Catatonia

Catatonia

Catatonia Dr. Gabriel Lopes Psiquiatra

A Catatonia pode ocorrer no contexto de vários transtornos, incluindo transtorno do neurodesenvolvimento, bipolar, depressivo e outras condições médicas (p. ex., deficiência de folato no cérebro, doenças autoimunes e paraneoplásicas raras). O Manual não trata a catatonia como uma classe independente, mas reconhece: a) catatonia associada a outro transtorno mental (i.e., transtorno do neurodesenvolvimento, transtorno psicótico, transtorno bipolar, transtorno depressivo e outro transtorno mental), b) transtorno catatônico devido a outra condição médica e c) catatonia não especificada.

A catatonia é definida pela presença de três ou mais de 12 características psicomotoras nos critérios diagnósticos de catatonia associada a outro transtorno mental e transtorno catatônico devido a outra condição médica. A característica essencial da catatonia é uma perturbação psicomotora acentuada que pode envolver atividade motora diminuída, participação diminuída durante entrevista ou exame físico ou atividade motora excessiva e peculiar.

A apresentação clínica da catatonia pode confundir, uma vez que a perturbação psicomotora pode variar desde ausência acentuada de resposta até agitação acentuada. A imobilidade motora pode ser grave (estupor) ou moderada (catalepsia e flexibilidade cérea). Igualmente, a participação diminuída pode ser grave (mutismo) ou moderada (negativismo). Comportamentos motores excessivos e peculiares podem ser complexos (p. ex., estereotipia) ou simples (agitação), podendo incluir ecolalia e ecopraxia. Em casos extremos, a mesma pessoa pode ter aumentos e diminuições entre atividade motora reduzida e excessiva. As características clínicas aparentemente opostas e as manifestações variáveis do diagnóstico contribuem para falta de percepção e redução do reconhecimento da catatonia. Durante seus estágios graves, o indivíduo pode precisar de supervisão atenta para evitar autolesão e lesão a outros. Há riscos potenciais decorrentes de desnutrição, exaustão, hiperpirexia e lesão autoinfligida.

Catatonia Associada a Outro Transtorno Mental (Especificador de Catatonia)

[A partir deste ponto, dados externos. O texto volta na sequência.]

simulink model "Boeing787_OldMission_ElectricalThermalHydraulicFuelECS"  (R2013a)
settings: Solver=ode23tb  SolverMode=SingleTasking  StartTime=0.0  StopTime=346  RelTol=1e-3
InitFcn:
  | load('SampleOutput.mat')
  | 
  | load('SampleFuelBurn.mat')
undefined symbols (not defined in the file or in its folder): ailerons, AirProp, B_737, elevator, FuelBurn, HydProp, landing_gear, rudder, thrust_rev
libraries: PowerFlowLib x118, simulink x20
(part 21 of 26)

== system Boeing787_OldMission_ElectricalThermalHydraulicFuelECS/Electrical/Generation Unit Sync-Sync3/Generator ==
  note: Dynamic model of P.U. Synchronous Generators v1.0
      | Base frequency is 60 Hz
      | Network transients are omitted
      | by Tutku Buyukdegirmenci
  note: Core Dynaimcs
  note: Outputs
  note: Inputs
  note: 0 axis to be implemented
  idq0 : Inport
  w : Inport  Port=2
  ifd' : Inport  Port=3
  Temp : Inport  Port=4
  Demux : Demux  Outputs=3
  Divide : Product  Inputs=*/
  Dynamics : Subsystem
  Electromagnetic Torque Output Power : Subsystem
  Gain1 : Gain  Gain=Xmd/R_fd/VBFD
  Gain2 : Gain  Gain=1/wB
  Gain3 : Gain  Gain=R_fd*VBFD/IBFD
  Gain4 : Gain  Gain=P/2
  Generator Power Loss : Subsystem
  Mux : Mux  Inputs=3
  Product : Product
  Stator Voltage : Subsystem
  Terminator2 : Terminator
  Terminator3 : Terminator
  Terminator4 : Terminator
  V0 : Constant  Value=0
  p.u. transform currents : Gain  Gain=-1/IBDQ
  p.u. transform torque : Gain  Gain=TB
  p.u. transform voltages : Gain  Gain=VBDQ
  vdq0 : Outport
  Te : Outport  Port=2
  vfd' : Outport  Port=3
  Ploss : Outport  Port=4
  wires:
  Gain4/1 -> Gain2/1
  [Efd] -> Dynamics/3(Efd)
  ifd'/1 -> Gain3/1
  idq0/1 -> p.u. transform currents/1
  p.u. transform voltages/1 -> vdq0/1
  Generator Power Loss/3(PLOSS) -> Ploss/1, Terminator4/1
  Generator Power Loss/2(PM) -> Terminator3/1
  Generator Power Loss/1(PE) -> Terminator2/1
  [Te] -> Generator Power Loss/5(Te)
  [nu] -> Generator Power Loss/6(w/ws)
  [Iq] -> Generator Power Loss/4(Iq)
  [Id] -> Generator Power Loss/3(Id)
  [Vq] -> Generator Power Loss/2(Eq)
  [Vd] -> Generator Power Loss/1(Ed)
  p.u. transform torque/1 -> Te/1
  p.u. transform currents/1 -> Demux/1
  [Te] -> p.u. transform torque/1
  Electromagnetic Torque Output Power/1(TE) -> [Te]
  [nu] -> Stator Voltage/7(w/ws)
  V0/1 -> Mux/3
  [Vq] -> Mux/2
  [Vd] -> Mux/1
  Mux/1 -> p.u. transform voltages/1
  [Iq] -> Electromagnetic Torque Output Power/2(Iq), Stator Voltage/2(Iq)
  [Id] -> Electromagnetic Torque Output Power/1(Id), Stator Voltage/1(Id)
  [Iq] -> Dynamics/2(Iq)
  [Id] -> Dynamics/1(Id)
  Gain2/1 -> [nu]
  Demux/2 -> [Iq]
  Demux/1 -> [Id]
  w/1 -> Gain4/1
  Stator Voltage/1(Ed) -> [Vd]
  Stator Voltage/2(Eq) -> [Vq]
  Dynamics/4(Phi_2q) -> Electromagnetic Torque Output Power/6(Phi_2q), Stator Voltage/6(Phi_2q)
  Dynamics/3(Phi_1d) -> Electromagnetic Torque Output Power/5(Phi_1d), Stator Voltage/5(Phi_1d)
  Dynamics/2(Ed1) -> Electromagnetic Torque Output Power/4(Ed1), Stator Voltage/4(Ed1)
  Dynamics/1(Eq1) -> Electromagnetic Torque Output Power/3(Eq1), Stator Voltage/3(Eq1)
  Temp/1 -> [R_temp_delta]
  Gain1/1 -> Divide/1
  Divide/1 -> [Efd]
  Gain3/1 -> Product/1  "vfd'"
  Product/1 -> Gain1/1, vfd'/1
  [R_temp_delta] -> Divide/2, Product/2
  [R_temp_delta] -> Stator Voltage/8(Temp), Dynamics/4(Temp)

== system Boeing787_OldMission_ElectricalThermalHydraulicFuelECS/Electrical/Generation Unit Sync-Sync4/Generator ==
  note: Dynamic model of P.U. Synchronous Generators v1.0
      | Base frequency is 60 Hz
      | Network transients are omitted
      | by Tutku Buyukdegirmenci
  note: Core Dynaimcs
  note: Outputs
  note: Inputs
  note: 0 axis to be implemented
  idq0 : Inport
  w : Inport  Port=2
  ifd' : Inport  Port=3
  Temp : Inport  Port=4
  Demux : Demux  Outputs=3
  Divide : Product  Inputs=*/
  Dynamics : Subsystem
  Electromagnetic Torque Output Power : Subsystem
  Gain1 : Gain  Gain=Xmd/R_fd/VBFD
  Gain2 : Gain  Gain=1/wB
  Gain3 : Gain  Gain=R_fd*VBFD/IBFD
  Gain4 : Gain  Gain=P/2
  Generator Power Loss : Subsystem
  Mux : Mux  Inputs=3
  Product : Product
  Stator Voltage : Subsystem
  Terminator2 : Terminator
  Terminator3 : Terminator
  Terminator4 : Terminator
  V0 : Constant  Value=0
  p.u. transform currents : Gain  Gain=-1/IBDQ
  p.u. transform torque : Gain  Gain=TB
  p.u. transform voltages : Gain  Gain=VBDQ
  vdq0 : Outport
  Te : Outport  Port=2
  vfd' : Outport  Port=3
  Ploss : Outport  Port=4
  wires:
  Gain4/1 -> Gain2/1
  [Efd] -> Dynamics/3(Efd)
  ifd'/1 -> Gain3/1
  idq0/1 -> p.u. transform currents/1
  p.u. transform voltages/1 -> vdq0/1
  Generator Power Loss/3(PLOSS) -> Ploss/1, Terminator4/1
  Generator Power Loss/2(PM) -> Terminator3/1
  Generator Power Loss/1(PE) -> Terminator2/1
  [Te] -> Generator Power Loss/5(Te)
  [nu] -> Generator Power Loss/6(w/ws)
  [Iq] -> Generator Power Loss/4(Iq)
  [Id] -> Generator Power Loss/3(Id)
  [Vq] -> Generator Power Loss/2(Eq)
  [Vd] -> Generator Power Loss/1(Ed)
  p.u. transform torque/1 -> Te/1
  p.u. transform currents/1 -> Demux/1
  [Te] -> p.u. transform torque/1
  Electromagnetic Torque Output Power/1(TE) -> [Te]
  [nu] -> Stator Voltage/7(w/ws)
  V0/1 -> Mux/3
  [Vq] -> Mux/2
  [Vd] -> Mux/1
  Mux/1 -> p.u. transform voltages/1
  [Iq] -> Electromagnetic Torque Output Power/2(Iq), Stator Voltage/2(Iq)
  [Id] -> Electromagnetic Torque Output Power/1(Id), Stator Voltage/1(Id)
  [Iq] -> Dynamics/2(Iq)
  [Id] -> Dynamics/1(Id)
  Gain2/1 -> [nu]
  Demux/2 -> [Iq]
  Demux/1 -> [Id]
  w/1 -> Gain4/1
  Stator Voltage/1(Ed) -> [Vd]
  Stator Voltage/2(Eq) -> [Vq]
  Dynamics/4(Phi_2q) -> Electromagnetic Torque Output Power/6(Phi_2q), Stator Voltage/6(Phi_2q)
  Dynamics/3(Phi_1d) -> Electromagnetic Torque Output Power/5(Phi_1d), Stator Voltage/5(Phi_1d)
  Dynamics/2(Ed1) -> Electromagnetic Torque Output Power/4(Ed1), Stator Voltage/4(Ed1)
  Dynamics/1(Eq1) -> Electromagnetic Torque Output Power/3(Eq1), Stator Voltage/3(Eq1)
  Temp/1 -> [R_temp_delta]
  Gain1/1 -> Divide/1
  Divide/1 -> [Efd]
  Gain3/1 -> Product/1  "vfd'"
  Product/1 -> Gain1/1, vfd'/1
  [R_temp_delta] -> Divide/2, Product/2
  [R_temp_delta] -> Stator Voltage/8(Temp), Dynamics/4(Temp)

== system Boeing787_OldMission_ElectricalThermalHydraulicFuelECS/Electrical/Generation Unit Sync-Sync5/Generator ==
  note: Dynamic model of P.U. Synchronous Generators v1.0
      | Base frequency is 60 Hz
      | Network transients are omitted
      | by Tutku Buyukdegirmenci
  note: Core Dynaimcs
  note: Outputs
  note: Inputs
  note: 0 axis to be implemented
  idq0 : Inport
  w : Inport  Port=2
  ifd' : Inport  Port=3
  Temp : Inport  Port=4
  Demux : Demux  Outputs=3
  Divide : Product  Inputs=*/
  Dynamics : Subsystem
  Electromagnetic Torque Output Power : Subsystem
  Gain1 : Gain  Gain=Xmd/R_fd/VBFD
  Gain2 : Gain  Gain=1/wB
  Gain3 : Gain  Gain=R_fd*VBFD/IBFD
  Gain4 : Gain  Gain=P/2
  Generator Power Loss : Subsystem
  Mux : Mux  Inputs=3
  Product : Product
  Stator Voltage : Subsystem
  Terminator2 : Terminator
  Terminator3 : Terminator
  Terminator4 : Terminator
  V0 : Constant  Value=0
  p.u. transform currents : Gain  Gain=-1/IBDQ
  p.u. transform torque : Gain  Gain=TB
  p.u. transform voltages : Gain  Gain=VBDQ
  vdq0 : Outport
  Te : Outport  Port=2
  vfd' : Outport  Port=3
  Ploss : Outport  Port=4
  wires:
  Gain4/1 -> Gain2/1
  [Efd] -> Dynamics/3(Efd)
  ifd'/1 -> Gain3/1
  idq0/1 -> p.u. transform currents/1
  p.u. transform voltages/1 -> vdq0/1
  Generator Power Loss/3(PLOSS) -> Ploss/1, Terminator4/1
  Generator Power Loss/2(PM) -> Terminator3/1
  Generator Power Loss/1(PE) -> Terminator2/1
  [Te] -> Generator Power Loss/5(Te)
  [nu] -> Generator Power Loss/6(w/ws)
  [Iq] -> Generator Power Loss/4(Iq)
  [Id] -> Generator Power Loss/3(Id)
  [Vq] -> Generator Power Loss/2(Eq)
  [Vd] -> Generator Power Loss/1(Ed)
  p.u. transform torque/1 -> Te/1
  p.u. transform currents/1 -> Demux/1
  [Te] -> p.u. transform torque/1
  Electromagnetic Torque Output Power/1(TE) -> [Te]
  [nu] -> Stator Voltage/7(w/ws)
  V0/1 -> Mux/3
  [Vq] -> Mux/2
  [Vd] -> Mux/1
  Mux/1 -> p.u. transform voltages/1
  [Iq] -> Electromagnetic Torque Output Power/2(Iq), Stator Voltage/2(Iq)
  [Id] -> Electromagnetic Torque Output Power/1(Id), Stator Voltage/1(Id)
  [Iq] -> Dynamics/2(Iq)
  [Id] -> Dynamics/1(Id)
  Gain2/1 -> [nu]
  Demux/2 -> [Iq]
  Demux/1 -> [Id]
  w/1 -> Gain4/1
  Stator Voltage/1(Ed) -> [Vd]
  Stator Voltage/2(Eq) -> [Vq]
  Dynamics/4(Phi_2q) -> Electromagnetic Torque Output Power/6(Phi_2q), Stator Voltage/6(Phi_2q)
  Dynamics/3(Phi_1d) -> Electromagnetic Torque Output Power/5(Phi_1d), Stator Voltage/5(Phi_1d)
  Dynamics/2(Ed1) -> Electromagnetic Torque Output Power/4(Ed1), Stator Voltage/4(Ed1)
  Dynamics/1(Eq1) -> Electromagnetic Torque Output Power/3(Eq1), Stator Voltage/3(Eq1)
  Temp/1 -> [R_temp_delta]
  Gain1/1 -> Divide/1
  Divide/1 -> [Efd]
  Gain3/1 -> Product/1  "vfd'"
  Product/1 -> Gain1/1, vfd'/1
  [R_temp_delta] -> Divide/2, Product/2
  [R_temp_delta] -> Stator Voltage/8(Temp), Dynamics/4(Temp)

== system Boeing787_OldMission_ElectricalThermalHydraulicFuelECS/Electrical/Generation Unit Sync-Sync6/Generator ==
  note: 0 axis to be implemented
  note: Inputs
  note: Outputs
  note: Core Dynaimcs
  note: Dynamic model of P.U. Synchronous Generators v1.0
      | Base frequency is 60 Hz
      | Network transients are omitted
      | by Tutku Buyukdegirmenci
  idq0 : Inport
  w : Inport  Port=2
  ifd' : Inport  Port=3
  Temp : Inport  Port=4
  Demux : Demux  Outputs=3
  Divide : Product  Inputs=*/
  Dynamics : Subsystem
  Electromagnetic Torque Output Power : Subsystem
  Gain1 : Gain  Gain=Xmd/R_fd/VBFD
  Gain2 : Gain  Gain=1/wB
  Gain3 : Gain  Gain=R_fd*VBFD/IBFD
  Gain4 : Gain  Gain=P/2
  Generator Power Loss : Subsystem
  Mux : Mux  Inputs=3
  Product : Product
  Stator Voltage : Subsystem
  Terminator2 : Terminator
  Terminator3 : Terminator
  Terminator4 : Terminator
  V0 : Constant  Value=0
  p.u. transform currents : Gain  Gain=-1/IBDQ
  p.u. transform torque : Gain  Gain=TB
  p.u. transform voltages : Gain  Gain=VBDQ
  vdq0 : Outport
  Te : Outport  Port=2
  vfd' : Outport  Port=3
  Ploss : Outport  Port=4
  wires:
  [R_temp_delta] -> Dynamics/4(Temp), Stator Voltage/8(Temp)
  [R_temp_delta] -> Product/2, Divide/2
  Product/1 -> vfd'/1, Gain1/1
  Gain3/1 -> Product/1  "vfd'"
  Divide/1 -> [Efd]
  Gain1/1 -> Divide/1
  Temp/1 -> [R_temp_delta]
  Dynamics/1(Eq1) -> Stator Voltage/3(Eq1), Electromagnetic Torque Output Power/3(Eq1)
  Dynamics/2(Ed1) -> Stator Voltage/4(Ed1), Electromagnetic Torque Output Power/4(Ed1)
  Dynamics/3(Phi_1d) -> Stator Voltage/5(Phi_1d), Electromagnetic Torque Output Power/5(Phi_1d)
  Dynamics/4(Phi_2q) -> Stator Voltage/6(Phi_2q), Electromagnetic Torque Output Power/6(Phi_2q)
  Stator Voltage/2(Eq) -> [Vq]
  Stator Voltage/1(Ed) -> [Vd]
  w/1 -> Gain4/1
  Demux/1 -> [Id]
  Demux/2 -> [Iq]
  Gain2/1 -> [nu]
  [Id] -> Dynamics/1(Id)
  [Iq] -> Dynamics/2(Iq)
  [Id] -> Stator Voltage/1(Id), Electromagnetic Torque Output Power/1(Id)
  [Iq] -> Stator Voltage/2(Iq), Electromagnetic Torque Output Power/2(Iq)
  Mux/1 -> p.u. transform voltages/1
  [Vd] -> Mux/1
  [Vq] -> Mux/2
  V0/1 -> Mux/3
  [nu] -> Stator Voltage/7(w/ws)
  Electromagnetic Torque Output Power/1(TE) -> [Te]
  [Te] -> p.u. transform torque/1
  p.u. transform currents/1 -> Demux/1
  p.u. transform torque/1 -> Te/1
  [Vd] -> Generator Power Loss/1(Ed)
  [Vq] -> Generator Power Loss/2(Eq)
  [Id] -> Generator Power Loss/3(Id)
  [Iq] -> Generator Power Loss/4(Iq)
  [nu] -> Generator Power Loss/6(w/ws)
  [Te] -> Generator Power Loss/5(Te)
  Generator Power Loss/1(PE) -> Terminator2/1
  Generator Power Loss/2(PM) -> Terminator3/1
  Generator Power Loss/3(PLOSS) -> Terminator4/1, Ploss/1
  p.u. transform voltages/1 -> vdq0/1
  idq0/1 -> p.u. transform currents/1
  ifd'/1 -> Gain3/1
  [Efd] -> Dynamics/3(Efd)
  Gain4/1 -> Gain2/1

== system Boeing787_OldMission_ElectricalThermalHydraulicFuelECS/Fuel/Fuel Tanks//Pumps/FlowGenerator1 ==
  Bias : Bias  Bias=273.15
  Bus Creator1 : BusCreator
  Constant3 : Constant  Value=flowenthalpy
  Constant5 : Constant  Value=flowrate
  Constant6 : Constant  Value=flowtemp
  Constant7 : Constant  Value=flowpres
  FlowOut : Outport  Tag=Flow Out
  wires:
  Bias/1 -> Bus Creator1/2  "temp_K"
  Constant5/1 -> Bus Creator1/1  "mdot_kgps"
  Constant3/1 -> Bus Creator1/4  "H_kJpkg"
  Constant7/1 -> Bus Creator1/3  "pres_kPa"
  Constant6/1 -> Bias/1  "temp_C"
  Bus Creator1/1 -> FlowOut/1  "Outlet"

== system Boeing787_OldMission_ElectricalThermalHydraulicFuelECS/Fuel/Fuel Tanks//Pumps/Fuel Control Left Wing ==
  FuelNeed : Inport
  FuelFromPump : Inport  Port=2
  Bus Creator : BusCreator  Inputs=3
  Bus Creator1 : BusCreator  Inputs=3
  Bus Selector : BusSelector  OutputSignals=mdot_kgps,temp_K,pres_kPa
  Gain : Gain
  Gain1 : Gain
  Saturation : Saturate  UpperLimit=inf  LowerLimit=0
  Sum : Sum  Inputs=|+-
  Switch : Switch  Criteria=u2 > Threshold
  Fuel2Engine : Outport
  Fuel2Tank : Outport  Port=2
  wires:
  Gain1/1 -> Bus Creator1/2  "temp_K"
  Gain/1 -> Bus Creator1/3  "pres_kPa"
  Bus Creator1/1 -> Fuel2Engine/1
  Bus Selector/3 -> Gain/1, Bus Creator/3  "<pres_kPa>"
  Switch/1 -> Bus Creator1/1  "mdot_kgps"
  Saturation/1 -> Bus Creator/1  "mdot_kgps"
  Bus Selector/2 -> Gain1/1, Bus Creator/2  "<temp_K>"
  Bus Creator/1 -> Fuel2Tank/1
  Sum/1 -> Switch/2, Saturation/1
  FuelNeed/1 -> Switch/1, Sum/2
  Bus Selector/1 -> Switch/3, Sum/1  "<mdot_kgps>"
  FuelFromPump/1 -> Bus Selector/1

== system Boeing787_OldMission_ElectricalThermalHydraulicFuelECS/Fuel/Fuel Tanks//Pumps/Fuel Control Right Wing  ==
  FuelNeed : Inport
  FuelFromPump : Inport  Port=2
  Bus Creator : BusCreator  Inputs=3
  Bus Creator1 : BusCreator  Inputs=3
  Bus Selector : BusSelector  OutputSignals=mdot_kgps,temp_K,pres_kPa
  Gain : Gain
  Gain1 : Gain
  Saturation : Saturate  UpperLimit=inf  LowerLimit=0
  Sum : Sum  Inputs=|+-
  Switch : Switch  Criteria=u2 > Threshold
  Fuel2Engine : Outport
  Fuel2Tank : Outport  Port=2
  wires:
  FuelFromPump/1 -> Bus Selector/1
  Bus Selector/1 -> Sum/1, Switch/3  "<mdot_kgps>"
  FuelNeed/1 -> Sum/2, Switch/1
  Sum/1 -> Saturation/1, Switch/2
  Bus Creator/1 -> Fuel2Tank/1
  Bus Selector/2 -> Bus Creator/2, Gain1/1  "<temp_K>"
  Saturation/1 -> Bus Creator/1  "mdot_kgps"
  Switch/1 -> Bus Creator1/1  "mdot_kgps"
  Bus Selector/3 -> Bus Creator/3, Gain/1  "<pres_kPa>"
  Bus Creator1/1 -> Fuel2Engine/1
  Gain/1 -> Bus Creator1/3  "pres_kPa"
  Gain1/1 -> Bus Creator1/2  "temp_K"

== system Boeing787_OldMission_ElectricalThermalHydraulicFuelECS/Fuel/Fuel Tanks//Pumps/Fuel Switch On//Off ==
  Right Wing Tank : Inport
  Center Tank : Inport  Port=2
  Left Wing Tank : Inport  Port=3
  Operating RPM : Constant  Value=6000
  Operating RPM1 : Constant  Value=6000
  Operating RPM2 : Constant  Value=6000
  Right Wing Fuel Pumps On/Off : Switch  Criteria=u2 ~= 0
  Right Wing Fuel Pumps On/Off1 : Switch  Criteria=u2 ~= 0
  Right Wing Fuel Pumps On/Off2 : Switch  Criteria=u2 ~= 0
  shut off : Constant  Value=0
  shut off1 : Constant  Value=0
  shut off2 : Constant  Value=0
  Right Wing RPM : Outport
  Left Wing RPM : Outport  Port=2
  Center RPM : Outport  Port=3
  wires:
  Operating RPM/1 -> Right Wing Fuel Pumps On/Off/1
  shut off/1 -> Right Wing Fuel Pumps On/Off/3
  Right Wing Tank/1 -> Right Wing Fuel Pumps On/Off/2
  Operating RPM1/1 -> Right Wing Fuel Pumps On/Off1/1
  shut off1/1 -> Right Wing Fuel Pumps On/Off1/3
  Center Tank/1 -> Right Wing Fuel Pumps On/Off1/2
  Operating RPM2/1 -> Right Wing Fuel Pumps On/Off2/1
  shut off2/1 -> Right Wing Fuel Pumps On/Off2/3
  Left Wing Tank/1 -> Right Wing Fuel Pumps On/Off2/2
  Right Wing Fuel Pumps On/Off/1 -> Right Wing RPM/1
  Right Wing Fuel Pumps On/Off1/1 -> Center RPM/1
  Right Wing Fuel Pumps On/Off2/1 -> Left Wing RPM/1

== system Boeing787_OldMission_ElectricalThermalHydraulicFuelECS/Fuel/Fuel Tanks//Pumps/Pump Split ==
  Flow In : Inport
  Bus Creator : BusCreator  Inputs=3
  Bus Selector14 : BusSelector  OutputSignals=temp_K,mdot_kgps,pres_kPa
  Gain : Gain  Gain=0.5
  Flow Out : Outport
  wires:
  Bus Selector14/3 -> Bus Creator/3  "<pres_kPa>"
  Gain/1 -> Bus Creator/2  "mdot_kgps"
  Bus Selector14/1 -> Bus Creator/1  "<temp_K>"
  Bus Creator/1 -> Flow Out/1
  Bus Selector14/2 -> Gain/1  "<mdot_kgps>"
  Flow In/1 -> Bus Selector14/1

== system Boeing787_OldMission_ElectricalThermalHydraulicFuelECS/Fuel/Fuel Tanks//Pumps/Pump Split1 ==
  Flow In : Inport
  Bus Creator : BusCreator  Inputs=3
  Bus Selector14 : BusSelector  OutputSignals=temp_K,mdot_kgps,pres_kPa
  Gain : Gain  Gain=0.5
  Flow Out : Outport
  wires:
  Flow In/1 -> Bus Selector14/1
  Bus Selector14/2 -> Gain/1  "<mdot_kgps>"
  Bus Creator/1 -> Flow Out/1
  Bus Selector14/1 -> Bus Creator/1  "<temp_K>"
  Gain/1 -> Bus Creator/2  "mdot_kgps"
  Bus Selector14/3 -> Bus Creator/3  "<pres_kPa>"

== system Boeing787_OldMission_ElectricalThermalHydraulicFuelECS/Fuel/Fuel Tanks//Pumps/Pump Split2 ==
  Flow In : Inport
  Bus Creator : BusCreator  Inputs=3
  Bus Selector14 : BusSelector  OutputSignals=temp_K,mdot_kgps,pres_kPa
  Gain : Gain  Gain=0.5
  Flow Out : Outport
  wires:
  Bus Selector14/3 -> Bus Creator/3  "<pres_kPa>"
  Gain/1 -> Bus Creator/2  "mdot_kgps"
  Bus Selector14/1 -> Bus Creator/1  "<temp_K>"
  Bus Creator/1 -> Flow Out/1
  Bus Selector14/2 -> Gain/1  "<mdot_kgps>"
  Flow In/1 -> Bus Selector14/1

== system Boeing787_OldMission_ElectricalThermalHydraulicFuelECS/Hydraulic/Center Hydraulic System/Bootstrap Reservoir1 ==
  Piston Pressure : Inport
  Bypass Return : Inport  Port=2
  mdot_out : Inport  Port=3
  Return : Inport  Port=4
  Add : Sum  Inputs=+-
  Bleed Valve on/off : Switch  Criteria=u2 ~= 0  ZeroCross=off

  1. O quadro clínico é dominado por três (ou mais) dos sintomas a seguir:
  2. Estupor (i.e., ausência de atividade psicomotora; sem relação ativa com o ambiente).
  3. Catalepsia (i.e., indução passiva de uma postura mantida contra a gravidade).
  4. Flexibilidade cérea (i.e., resistência leve ao posicionamento pelo examinador).
  5. Mutismo (i.e., resposta verbal ausente ou muito pouca [excluir com afasia conhecida]).
  6. Negativismo (i.e., oposição ou resposta ausente a instruções ou a estímulos externos).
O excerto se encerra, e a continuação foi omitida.